[Dataset extract — start]

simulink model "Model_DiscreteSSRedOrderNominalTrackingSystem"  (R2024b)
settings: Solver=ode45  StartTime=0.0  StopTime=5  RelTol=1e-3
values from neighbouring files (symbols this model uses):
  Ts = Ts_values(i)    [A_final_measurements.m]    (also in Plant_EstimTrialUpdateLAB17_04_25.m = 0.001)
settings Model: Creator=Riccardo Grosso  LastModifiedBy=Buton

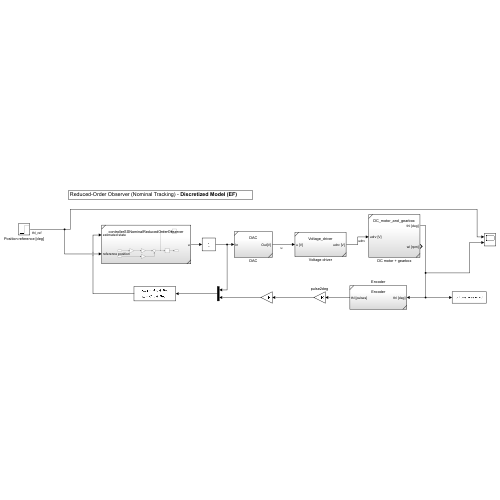
[thumbnail: Simulink's stored preview of the top-level diagram]
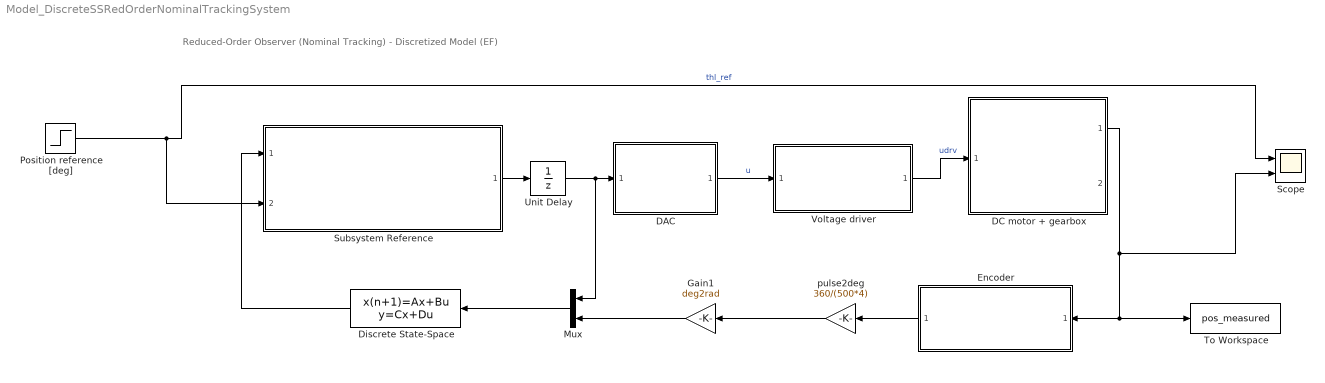
== system Model_DiscreteSSRedOrderNominalTrackingSystem ==
  note: Reduced-Order Observer (Nominal Tracking) - Discretized Model (EF)
  DAC : Subsystem  ReferencedSubsystem=DAC
  DC motor + gearbox : Subsystem  ReferencedSubsystem=DC_motor_and_gearbox
  Discrete State-Space : DiscreteStateSpace  A=-0.617518353278843  B=[4.60319351098823 -1076.45747529499]  C=[0;0.0427627481107283]  D=[0 1;0.514652680207781 28.4585827262108]  SampleTime=Ts
  Encoder : Subsystem  ReferencedSubsystem=Encoder
  Gain1 : Gain  Gain=deg2rad
  Mux : Mux  Inputs=2
  Position reference [deg] : Step  Time=0  After=50  SampleTime=0
  Scope : Scope  NumInputPorts=2
  Subsystem Reference : Subsystem  ReferencedSubsystem=controllerSSNominalReducedOrderObserver
  To Workspace : ToWorkspace  VariableName=pos_measured  SaveFormat=Timeseries  SampleTime=-1
  Unit Delay : UnitDelay  SampleTime=-1  HasFrameUpgradeWarning=on
  Voltage driver : Subsystem  ReferencedSubsystem=Voltage_driver
  pulse2deg : Gain  Gain=360/(500*4)
  wires:
  DAC/1 -> Voltage driver/1  "u"
  Voltage driver/1 -> DC motor + gearbox/1  "udrv"
  Encoder/1 -> pulse2deg/1
  DC motor + gearbox/1 -> Scope/2, Encoder/1, To Workspace/1
  Position reference [deg]/1 -> Subsystem Reference/2, Scope/1  "thl_ref"
  Subsystem Reference/1 -> Unit Delay/1
  pulse2deg/1 -> Gain1/1
  Gain1/1 -> Mux/2
  Discrete State-Space/1 -> Subsystem Reference/1
  Mux/1 -> Discrete State-Space/1
  Unit Delay/1 -> Mux/1, DAC/1

[Dataset extract — finish]

Task requirements:
Your response should be each line that includes the word "driver", copied from the records.

Response to the task:
  Voltage driver : Subsystem  ReferencedSubsystem=Voltage_driver
  DAC/1 -> Voltage driver/1  "u"
  Voltage driver/1 -> DC motor + gearbox/1  "udrv"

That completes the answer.